Electric field inside a conducting cylinder with wire

1. Oct 13, 2010

Liquidxlax

1. The problem statement, all variables and given/known data

You don't really need to read the top paragraph.

A Geiger counter is used to detect ionizing radiation. The detector consists of a thin wire that is surrounded by a concentric circular conducting cylinder. A high voltage is applied to the wire so that it has a positive charge and the surrounding cylinder has the same amount of negative charge. This establishes a very strong electric field inside the cylinder. A low pressure inert gas is inside the cylinder, so that when radiation enters the cylinder it ionizes a few of the gas atoms, and the resulting free electrons are attracted to the positive wire. The e field is so strong as to enable the gas atoms between collisions to gain enough energy to ionize these atoms as well, creating more free electrons, and a chain reaction ensues. An "avalanche" of electrons reaches the wire that is collected by the wire and generates a signal.

Suppose the radius of the central wire is 25x10^(-6)m, the cylinder has a 0.014m radius and the cylinder length is 0.16m. The electric field magnitude at the cylinder wall is 2.9x10^(4) N/C. What is the amount of charge and it's polarity on the central wire?

2. Relevant equations

Er = (4pikQ)/(2pirL) cylinder charge distribution

rho = Q/L

surface area cylinder 2piRL

3. The attempt at a solution

E = kQ/2piRL + KQ/2pirL

can't get the latex or w.e to work hold on

2. Oct 13, 2010

collinsmark

Hello Liquidxlax,
Okay, that equation is good for the electric field in the region outside of a very long, charged wire or cylinder. Which is good, because we are concerned with a region outside of a central wire for now.

If you didn't derive the equation yourself, you can use Gauss' law to derive it, if you wanted to. :

$$\oint_S \vec E \cdot d \vec A = \frac{Q_{enc}}{\epsilon_0}$$

$$E(2 \pi r \ell) = \frac{Q_{enc}}{\epsilon_0}$$

$$E = \frac{Q_{enc}}{(2 \pi r \ell)\epsilon_0}$$

And noting that $k = 1/(4 \pi \epsilon_0)$

$$E = \frac{4 \pi k Q_{enc}}{2 \pi r \ell}$$

[Edit: And by the way, r here is the radius of the hypothetical Guassian surface, not the radius of the wire itself. It is assumed that r is greater than the radius of the wire, since we're trying to find the electric field contribution from the wire, in the region outside of the wire.]
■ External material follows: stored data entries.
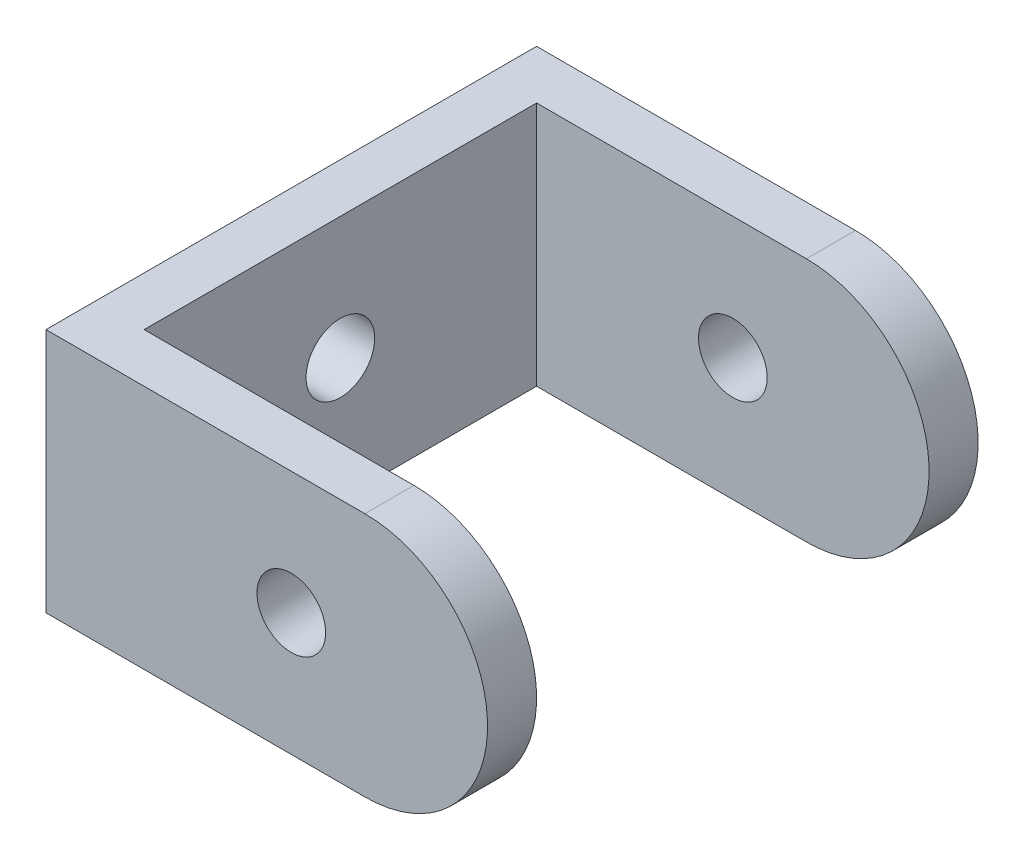
ISO-10303-21;
HEADER;
FILE_DESCRIPTION(('STEP AP214'),'2;1');
FILE_NAME('part.step','',(''),(''),'','','');
FILE_SCHEMA(('AUTOMOTIVE_DESIGN { 1 0 10303 214 1 1 1 1 }'));
ENDSEC;
DATA;
#1=APPLICATION_CONTEXT('core data for automotive mechanical design processes');
#2=APPLICATION_PROTOCOL_DEFINITION('international standard','automotive_design',2000,#1);
#3=PRODUCT_CONTEXT('',#1,'mechanical');
#4=PRODUCT('Part','Part','',(#3));
#5=PRODUCT_RELATED_PRODUCT_CATEGORY('part','',(#4));
#6=PRODUCT_DEFINITION_FORMATION('','',#4);
#7=PRODUCT_DEFINITION_CONTEXT('part definition',#1,'design');
#8=PRODUCT_DEFINITION('design','',#6,#7);
#9=PRODUCT_DEFINITION_SHAPE('','',#8);
#10=(LENGTH_UNIT() NAMED_UNIT(*) SI_UNIT(.MILLI.,.METRE.));
#11=(NAMED_UNIT(*) PLANE_ANGLE_UNIT() SI_UNIT($,.RADIAN.));
#12=(NAMED_UNIT(*) SI_UNIT($,.STERADIAN.) SOLID_ANGLE_UNIT());
#13=UNCERTAINTY_MEASURE_WITH_UNIT(LENGTH_MEASURE(1.E-05),#10,'distance_accuracy_value','');
#14=(GEOMETRIC_REPRESENTATION_CONTEXT(3) GLOBAL_UNCERTAINTY_ASSIGNED_CONTEXT((#13)) GLOBAL_UNIT_ASSIGNED_CONTEXT((#10,
#11,#12)) REPRESENTATION_CONTEXT('',''));
#15=CARTESIAN_POINT('',(0.,0.,0.));
#16=DIRECTION('',(0.,0.,1.));
#17=DIRECTION('',(1.,0.,0.));
#18=AXIS2_PLACEMENT_3D('',#15,#16,#17);
#19=CARTESIAN_POINT('',(-25.,25.,-25.));
#20=DIRECTION('',(0.,0.,1.));
#21=DIRECTION('',(1.,0.,0.));
#22=AXIS2_PLACEMENT_3D('',#19,#20,#21);
#23=PLANE('',#22);
#24=CARTESIAN_POINT('',(0.,12.5,-25.));
#25=DIRECTION('',(0.,0.,1.));
#26=DIRECTION('',(1.,0.,0.));
#27=AXIS2_PLACEMENT_3D('',#24,#25,#26);
#28=CIRCLE('',#27,3.5);
#29=CARTESIAN_POINT('',(3.5,12.5,-25.));
#30=VERTEX_POINT('',#29);
#31=EDGE_CURVE('E136',#30,#30,#28,.T.);
#32=ORIENTED_EDGE('',*,*,#31,.T.);
#33=EDGE_LOOP('',(#32));
#34=FACE_BOUND('',#33,.T.);
#35=DIRECTION('',(-1.,0.,0.));
#36=VECTOR('',#35,1.);
#37=CARTESIAN_POINT('',(-25.,25.,-25.));
#38=LINE('',#37,#36);
#39=CARTESIAN_POINT('',(7.49999999999999,25.,-25.));
#40=VERTEX_POINT('',#39);
#41=CARTESIAN_POINT('',(-25.,25.,-25.));
#42=VERTEX_POINT('',#41);
#43=EDGE_CURVE('E110',#40,#42,#38,.T.);
#44=ORIENTED_EDGE('',*,*,#43,.F.);
#45=CARTESIAN_POINT('',(7.49999999999999,12.5,-25.));
#46=DIRECTION('',(0.,0.,1.));
#47=DIRECTION('',(1.,0.,0.));
#48=AXIS2_PLACEMENT_3D('',#45,#46,#47);
#49=CIRCLE('',#48,12.5);
#50=CARTESIAN_POINT('',(7.49999999999999,0.,-25.));
#51=VERTEX_POINT('',#50);
#52=EDGE_CURVE('E97',#40,#51,#49,.F.);
#53=ORIENTED_EDGE('',*,*,#52,.T.);
#54=DIRECTION('',(-1.,0.,0.));
#55=VECTOR('',#54,1.);
#56=CARTESIAN_POINT('',(-25.,0.,-25.));
#57=LINE('',#56,#55);
#58=CARTESIAN_POINT('',(-25.,0.,-25.));
#59=VERTEX_POINT('',#58);
#60=EDGE_CURVE('E129',#51,#59,#57,.T.);
#61=ORIENTED_EDGE('',*,*,#60,.T.);
#62=DIRECTION('',(0.,-1.,0.));
#63=VECTOR('',#62,1.);
#64=CARTESIAN_POINT('',(-25.,25.,-25.));
#65=LINE('',#64,#63);
#66=EDGE_CURVE('E11',#42,#59,#65,.T.);
#67=ORIENTED_EDGE('',*,*,#66,.F.);
#68=EDGE_LOOP('',(#44,#53,#61,#67));
#69=FACE_BOUND('',#68,.T.);
#70=ADVANCED_FACE('F32',(#34,#69),#23,.F.);
#71=CARTESIAN_POINT('',(-25.,25.,25.));
#72=DIRECTION('',(0.,0.,-1.));
#73=DIRECTION('',(-1.,0.,0.));
#74=AXIS2_PLACEMENT_3D('',#71,#72,#73);
#75=PLANE('',#74);
#76=CARTESIAN_POINT('',(0.,12.5,25.));
#77=DIRECTION('',(0.,0.,1.));
#78=DIRECTION('',(1.,0.,0.));
#79=AXIS2_PLACEMENT_3D('',#76,#77,#78);
#80=CIRCLE('',#79,3.5);
#81=CARTESIAN_POINT('',(3.5,12.5,25.));
#82=VERTEX_POINT('',#81);
#83=EDGE_CURVE('E181',#82,#82,#80,.T.);
#84=ORIENTED_EDGE('',*,*,#83,.F.);
#85=EDGE_LOOP('',(#84));
#86=FACE_BOUND('',#85,.T.);
#87=DIRECTION('',(1.,0.,0.));
#88=VECTOR('',#87,1.);
#89=CARTESIAN_POINT('',(-25.,0.,25.));
#90=LINE('',#89,#88);
#91=CARTESIAN_POINT('',(-25.,0.,25.));
#92=VERTEX_POINT('',#91);
#93=CARTESIAN_POINT('',(7.49999999999999,0.,25.));
#94=VERTEX_POINT('',#93);
#95=EDGE_CURVE('E117',#92,#94,#90,.T.);
#96=ORIENTED_EDGE('',*,*,#95,.T.);
#97=CARTESIAN_POINT('',(7.49999999999999,12.5,25.));
#98=DIRECTION('',(0.,0.,1.));
#99=DIRECTION('',(1.,0.,0.));
#100=AXIS2_PLACEMENT_3D('',#97,#98,#99);
#101=CIRCLE('',#100,12.5);
#102=CARTESIAN_POINT('',(7.49999999999999,25.,25.));
#103=VERTEX_POINT('',#102);
#104=EDGE_CURVE('E105',#103,#94,#101,.F.);
#105=ORIENTED_EDGE('',*,*,#104,.F.);
#106=DIRECTION('',(1.,0.,0.));
#107=VECTOR('',#106,1.);
#108=CARTESIAN_POINT('',(-25.,25.,25.));
#109=LINE('',#108,#107);
#110=CARTESIAN_POINT('',(-25.,25.,25.));
#111=VERTEX_POINT('',#110);
#112=EDGE_CURVE('E119',#111,#103,#109,.T.);
#113=ORIENTED_EDGE('',*,*,#112,.F.);
#114=DIRECTION('',(0.,-1.,0.));
#115=VECTOR('',#114,1.);
#116=CARTESIAN_POINT('',(-25.,25.,25.));
#117=LINE('',#116,#115);
#118=EDGE_CURVE('E40',#111,#92,#117,.T.);
#119=ORIENTED_EDGE('',*,*,#118,.T.);
#120=EDGE_LOOP('',(#96,#105,#113,#119));
#121=FACE_BOUND('',#120,.T.);
#122=ADVANCED_FACE('F199',(#86,#121),#75,.F.);
#123=CARTESIAN_POINT('',(-20.,25.,20.));
#124=DIRECTION('',(0.,0.,-1.));
#125=DIRECTION('',(-1.,0.,0.));
#126=AXIS2_PLACEMENT_3D('',#123,#124,#125);
#127=PLANE('',#126);
#128=CARTESIAN_POINT('',(0.,12.5,20.));
#129=DIRECTION('',(0.,0.,-1.));
#130=DIRECTION('',(-1.,0.,0.));
#131=AXIS2_PLACEMENT_3D('',#128,#129,#130);
#132=CIRCLE('',#131,3.5);
#133=CARTESIAN_POINT('',(-3.5,12.5,20.));
#134=VERTEX_POINT('',#133);
#135=EDGE_CURVE('E143',#134,#134,#132,.T.);
#136=ORIENTED_EDGE('',*,*,#135,.F.);
#137=EDGE_LOOP('',(#136));
#138=FACE_BOUND('',#137,.T.);
#139=CARTESIAN_POINT('',(7.49999999999999,12.5,20.));
#140=DIRECTION('',(0.,0.,-1.));
#141=DIRECTION('',(-1.,0.,0.));
#142=AXIS2_PLACEMENT_3D('',#139,#140,#141);
#143=CIRCLE('',#142,12.5);
#144=CARTESIAN_POINT('',(7.49999999999999,0.,20.));
#145=VERTEX_POINT('',#144);
#146=CARTESIAN_POINT('',(7.49999999999999,25.,20.));
#147=VERTEX_POINT('',#146);
#148=EDGE_CURVE('E177',#145,#147,#143,.F.);
#149=ORIENTED_EDGE('',*,*,#148,.F.);
#150=DIRECTION('',(1.,0.,0.));
#151=VECTOR('',#150,1.);
#152=CARTESIAN_POINT('',(-20.,0.,20.));
#153=LINE('',#152,#151);
#154=CARTESIAN_POINT('',(-20.,0.,20.));
#155=VERTEX_POINT('',#154);
#156=EDGE_CURVE('E140',#155,#145,#153,.T.);
#157=ORIENTED_EDGE('',*,*,#156,.F.);
#158=DIRECTION('',(0.,-1.,0.));
#159=VECTOR('',#158,1.);
#160=CARTESIAN_POINT('',(-20.,25.,20.));
#161=LINE('',#160,#159);
#162=CARTESIAN_POINT('',(-20.,25.,20.));
#163=VERTEX_POINT('',#162);
#164=EDGE_CURVE('E158',#163,#155,#161,.T.);
#165=ORIENTED_EDGE('',*,*,#164,.F.);
#166=DIRECTION('',(1.,0.,0.));
#167=VECTOR('',#166,1.);
#168=CARTESIAN_POINT('',(-20.,25.,20.));
#169=LINE('',#168,#167);
#170=EDGE_CURVE('E151',#163,#147,#169,.T.);
#171=ORIENTED_EDGE('',*,*,#170,.T.);
#172=EDGE_LOOP('',(#149,#157,#165,#171));
#173=FACE_BOUND('',#172,.T.);
#174=ADVANCED_FACE('F192',(#138,#173),#127,.T.);
#175=CARTESIAN_POINT('',(-20.,25.,-20.));
#176=DIRECTION('',(0.,0.,1.));
#177=DIRECTION('',(1.,0.,0.));
#178=AXIS2_PLACEMENT_3D('',#175,#176,#177);
#179=PLANE('',#178);
#180=CARTESIAN_POINT('',(0.,12.5,-20.));
#181=DIRECTION('',(0.,0.,1.));
#182=DIRECTION('',(1.,0.,0.));
#183=AXIS2_PLACEMENT_3D('',#180,#181,#182);
#184=CIRCLE('',#183,3.5);
#185=CARTESIAN_POINT('',(3.5,12.5,-20.));
#186=VERTEX_POINT('',#185);
#187=EDGE_CURVE('E35',#186,#186,#184,.T.);
#188=ORIENTED_EDGE('',*,*,#187,.F.);
#189=EDGE_LOOP('',(#188));
#190=FACE_BOUND('',#189,.T.);
#191=DIRECTION('',(-1.,0.,0.));
#192=VECTOR('',#191,1.);
#193=CARTESIAN_POINT('',(-20.,0.,-20.));
#194=LINE('',#193,#192);
#195=CARTESIAN_POINT('',(7.49999999999999,0.,-20.));
#196=VERTEX_POINT('',#195);
#197=CARTESIAN_POINT('',(-20.,0.,-20.));
#198=VERTEX_POINT('',#197);
#199=EDGE_CURVE('E161',#196,#198,#194,.T.);
#200=ORIENTED_EDGE('',*,*,#199,.F.);
#201=CARTESIAN_POINT('',(7.49999999999999,12.5,-20.));
#202=DIRECTION('',(0.,0.,1.));
#203=DIRECTION('',(1.,0.,0.));
#204=AXIS2_PLACEMENT_3D('',#201,#202,#203);
#205=CIRCLE('',#204,12.5);
#206=CARTESIAN_POINT('',(7.49999999999999,25.,-20.));
#207=VERTEX_POINT('',#206);
#208=EDGE_CURVE('E175',#207,#196,#205,.F.);
#209=ORIENTED_EDGE('',*,*,#208,.F.);
#210=DIRECTION('',(-1.,0.,0.));
#211=VECTOR('',#210,1.);
#212=CARTESIAN_POINT('',(-20.,25.,-20.));
#213=LINE('',#212,#211);
#214=CARTESIAN_POINT('',(-20.,25.,-20.));
#215=VERTEX_POINT('',#214);
#216=EDGE_CURVE('E55',#207,#215,#213,.T.);
#217=ORIENTED_EDGE('',*,*,#216,.T.);
#218=DIRECTION('',(0.,-1.,0.));
#219=VECTOR('',#218,1.);
#220=CARTESIAN_POINT('',(-20.,25.,-20.));
#221=LINE('',#220,#219);
#222=EDGE_CURVE('E125',#215,#198,#221,.T.);
#223=ORIENTED_EDGE('',*,*,#222,.T.);
#224=EDGE_LOOP('',(#200,#209,#217,#223));
#225=FACE_BOUND('',#224,.T.);
#226=ADVANCED_FACE('F169',(#190,#225),#179,.T.);
#227=CARTESIAN_POINT('',(0.,25.,0.));
#228=DIRECTION('',(0.,-1.,0.));
#229=DIRECTION('',(0.,0.,-1.));
#230=AXIS2_PLACEMENT_3D('',#227,#228,#229);
#231=PLANE('',#230);
#232=ORIENTED_EDGE('',*,*,#112,.T.);
#233=DIRECTION('',(0.,0.,1.));
#234=VECTOR('',#233,1.);
#235=CARTESIAN_POINT('',(7.49999999999999,25.,-25.));
#236=LINE('',#235,#234);
#237=EDGE_CURVE('E104',#147,#103,#236,.T.);
#238=ORIENTED_EDGE('',*,*,#237,.F.);
#239=ORIENTED_EDGE('',*,*,#170,.F.);
#240=DIRECTION('',(0.,0.,1.));
#241=VECTOR('',#240,1.);
#242=CARTESIAN_POINT('',(-20.,25.,20.));
#243=LINE('',#242,#241);
#244=EDGE_CURVE('E156',#215,#163,#243,.T.);
#245=ORIENTED_EDGE('',*,*,#244,.F.);
#246=ORIENTED_EDGE('',*,*,#216,.F.);
#247=EDGE_CURVE('E48',#40,#207,#236,.T.);
#248=ORIENTED_EDGE('',*,*,#247,.F.);
#249=ORIENTED_EDGE('',*,*,#43,.T.);
#250=DIRECTION('',(0.,0.,1.));
#251=VECTOR('',#250,1.);
#252=CARTESIAN_POINT('',(-25.,25.,25.));
#253=LINE('',#252,#251);
#254=EDGE_CURVE('E116',#42,#111,#253,.T.);
#255=ORIENTED_EDGE('',*,*,#254,.T.);
#256=EDGE_LOOP('',(#232,#238,#239,#245,#246,#248,#249,#255));
#257=FACE_BOUND('',#256,.T.);
#258=ADVANCED_FACE('F109',(#257),#231,.F.);
#259=CARTESIAN_POINT('',(0.,0.,0.));
#260=DIRECTION('',(0.,-1.,0.));
#261=DIRECTION('',(0.,0.,-1.));
#262=AXIS2_PLACEMENT_3D('',#259,#260,#261);
#263=PLANE('',#262);
#264=DIRECTION('',(0.,0.,1.));
#265=VECTOR('',#264,1.);
#266=CARTESIAN_POINT('',(7.49999999999999,0.,-25.));
#267=LINE('',#266,#265);
#268=EDGE_CURVE('E113',#145,#94,#267,.T.);
#269=ORIENTED_EDGE('',*,*,#268,.T.);
#270=ORIENTED_EDGE('',*,*,#95,.F.);
#271=DIRECTION('',(0.,0.,1.));
#272=VECTOR('',#271,1.);
#273=CARTESIAN_POINT('',(-25.,0.,25.));
#274=LINE('',#273,#272);
#275=EDGE_CURVE('E122',#59,#92,#274,.T.);
#276=ORIENTED_EDGE('',*,*,#275,.F.);
#277=ORIENTED_EDGE('',*,*,#60,.F.);
#278=EDGE_CURVE('E100',#51,#196,#267,.T.);
#279=ORIENTED_EDGE('',*,*,#278,.T.);
#280=ORIENTED_EDGE('',*,*,#199,.T.);
#281=DIRECTION('',(0.,0.,1.));
#282=VECTOR('',#281,1.);
#283=CARTESIAN_POINT('',(-20.,0.,20.));
#284=LINE('',#283,#282);
#285=EDGE_CURVE('E154',#198,#155,#284,.T.);
#286=ORIENTED_EDGE('',*,*,#285,.T.);
#287=ORIENTED_EDGE('',*,*,#156,.T.);
#288=EDGE_LOOP('',(#269,#270,#276,#277,#279,#280,#286,#287));
#289=FACE_BOUND('',#288,.T.);
#290=ADVANCED_FACE('F173',(#289),#263,.T.);
#291=CARTESIAN_POINT('',(-25.,25.,25.));
#292=DIRECTION('',(1.,0.,0.));
#293=DIRECTION('',(0.,0.,-1.));
#294=AXIS2_PLACEMENT_3D('',#291,#292,#293);
#295=PLANE('',#294);
#296=CARTESIAN_POINT('',(-25.,12.5,0.));
#297=DIRECTION('',(1.,0.,0.));
#298=DIRECTION('',(0.,0.,-1.));
#299=AXIS2_PLACEMENT_3D('',#296,#297,#298);
#300=CIRCLE('',#299,3.5);
#301=CARTESIAN_POINT('',(-25.,12.5,-3.5));
#302=VERTEX_POINT('',#301);
#303=EDGE_CURVE('E135',#302,#302,#300,.T.);
#304=ORIENTED_EDGE('',*,*,#303,.T.);
#305=EDGE_LOOP('',(#304));
#306=FACE_BOUND('',#305,.T.);
#307=ORIENTED_EDGE('',*,*,#275,.T.);
#308=ORIENTED_EDGE('',*,*,#118,.F.);
#309=ORIENTED_EDGE('',*,*,#254,.F.);
#310=ORIENTED_EDGE('',*,*,#66,.T.);
#311=EDGE_LOOP('',(#307,#308,#309,#310));
#312=FACE_BOUND('',#311,.T.);
#313=ADVANCED_FACE('F214',(#306,#312),#295,.F.);
#314=CARTESIAN_POINT('',(-20.,25.,20.));
#315=DIRECTION('',(1.,0.,0.));
#316=DIRECTION('',(0.,0.,-1.));
#317=AXIS2_PLACEMENT_3D('',#314,#315,#316);
#318=PLANE('',#317);
#319=CARTESIAN_POINT('',(-20.,12.5,0.));
#320=DIRECTION('',(1.,0.,0.));
#321=DIRECTION('',(0.,0.,-1.));
#322=AXIS2_PLACEMENT_3D('',#319,#320,#321);
#323=CIRCLE('',#322,3.5);
#324=CARTESIAN_POINT('',(-20.,12.5,-3.5));
#325=VERTEX_POINT('',#324);
#326=EDGE_CURVE('E133',#325,#325,#323,.T.);
#327=ORIENTED_EDGE('',*,*,#326,.F.);
#328=EDGE_LOOP('',(#327));
#329=FACE_BOUND('',#328,.T.);
#330=ORIENTED_EDGE('',*,*,#285,.F.);
#331=ORIENTED_EDGE('',*,*,#222,.F.);
#332=ORIENTED_EDGE('',*,*,#244,.T.);
#333=ORIENTED_EDGE('',*,*,#164,.T.);
#334=EDGE_LOOP('',(#330,#331,#332,#333));
#335=FACE_BOUND('',#334,.T.);
#336=ADVANCED_FACE('F170',(#329,#335),#318,.T.);
#337=CARTESIAN_POINT('',(-30.,12.5,0.));
#338=DIRECTION('',(1.,0.,0.));
#339=DIRECTION('',(0.,0.,-1.));
#340=AXIS2_PLACEMENT_3D('',#337,#338,#339);
#341=CYLINDRICAL_SURFACE('',#340,3.5);
#342=ORIENTED_EDGE('',*,*,#326,.T.);
#343=EDGE_LOOP('',(#342));
#344=FACE_BOUND('',#343,.T.);
#345=ORIENTED_EDGE('',*,*,#303,.F.);
#346=EDGE_LOOP('',(#345));
#347=FACE_BOUND('',#346,.T.);
#348=ADVANCED_FACE('F221',(#344,#347),#341,.F.);
#349=CARTESIAN_POINT('',(0.,12.5,-30.));
#350=DIRECTION('',(0.,0.,1.));
#351=DIRECTION('',(1.,0.,0.));
#352=AXIS2_PLACEMENT_3D('',#349,#350,#351);
#353=CYLINDRICAL_SURFACE('',#352,3.5);
#354=ORIENTED_EDGE('',*,*,#187,.T.);
#355=EDGE_LOOP('',(#354));
#356=FACE_BOUND('',#355,.T.);
#357=ORIENTED_EDGE('',*,*,#31,.F.);
#358=EDGE_LOOP('',(#357));
#359=FACE_BOUND('',#358,.T.);
#360=ADVANCED_FACE('F188',(#356,#359),#353,.F.);
#361=ORIENTED_EDGE('',*,*,#135,.T.);
#362=EDGE_LOOP('',(#361));
#363=FACE_BOUND('',#362,.T.);
#364=ORIENTED_EDGE('',*,*,#83,.T.);
#365=EDGE_LOOP('',(#364));
#366=FACE_BOUND('',#365,.T.);
#367=ADVANCED_FACE('F241',(#363,#366),#353,.F.);
#368=CARTESIAN_POINT('',(7.49999999999999,12.5,-25.));
#369=DIRECTION('',(0.,0.,1.));
#370=DIRECTION('',(1.,0.,0.));
#371=AXIS2_PLACEMENT_3D('',#368,#369,#370);
#372=CYLINDRICAL_SURFACE('',#371,12.5);
#373=ORIENTED_EDGE('',*,*,#208,.T.);
#374=ORIENTED_EDGE('',*,*,#278,.F.);
#375=ORIENTED_EDGE('',*,*,#52,.F.);
#376=ORIENTED_EDGE('',*,*,#247,.T.);
#377=EDGE_LOOP('',(#373,#374,#375,#376));
#378=FACE_BOUND('',#377,.T.);
#379=ADVANCED_FACE('F98',(#378),#372,.T.);
#380=ORIENTED_EDGE('',*,*,#148,.T.);
#381=ORIENTED_EDGE('',*,*,#237,.T.);
#382=ORIENTED_EDGE('',*,*,#104,.T.);
#383=ORIENTED_EDGE('',*,*,#268,.F.);
#384=EDGE_LOOP('',(#380,#381,#382,#383));
#385=FACE_BOUND('',#384,.T.);
#386=ADVANCED_FACE('F232',(#385),#372,.T.);
#387=CLOSED_SHELL('',(#70,#122,#174,#226,#258,#290,#313,#336,#348,#360,#367,#379,#386));
#388=MANIFOLD_SOLID_BREP('B2',#387);
#389=ADVANCED_BREP_SHAPE_REPRESENTATION('',(#18,#388),#14);
#390=SHAPE_DEFINITION_REPRESENTATION(#9,#389);
ENDSEC;
END-ISO-10303-21;

The reason why I went through all of that was to demonstrate Gauss' law. I'd like you to use it again below.
So far so good.
For our purposes, yes, that's right (we can ignore the end-caps).
Umm, :uhh: I'm not sure where that came from either.

It seems to me like you are trying to find the electric field contribution of the charged, hollow cylinder, and incorrectly applying it inside the cylinder. But you're not doing something right.

You might be able to easily figure it out by finding the electric field contribution of a charged, hollow cylinder, inside the cylinder.

You can use Gauss' law to derive that too. Forget about the wire in the center for the moment (we've already found the electric field contribution of that). Use Gauss' law to find the electric field inside of a thin, hollow, charged cylinder.

$$\oint_S \vec E \cdot d \vec A = \frac{Q_{enc}}{\epsilon_0}$$

I'll let you take it from here (hint: the charge enclosed within the region inside of a thin, hollow, charged cylinder is zero -- there isn't any charge on the inside, it's all on the cylinder's surface! ).

Last edited: Oct 13, 2010
3. Oct 13, 2010

Liquidxlax

lol well if that is true, what is the significance of the cylindrical shell around the, but not to signify a radius at which an electric field was measured?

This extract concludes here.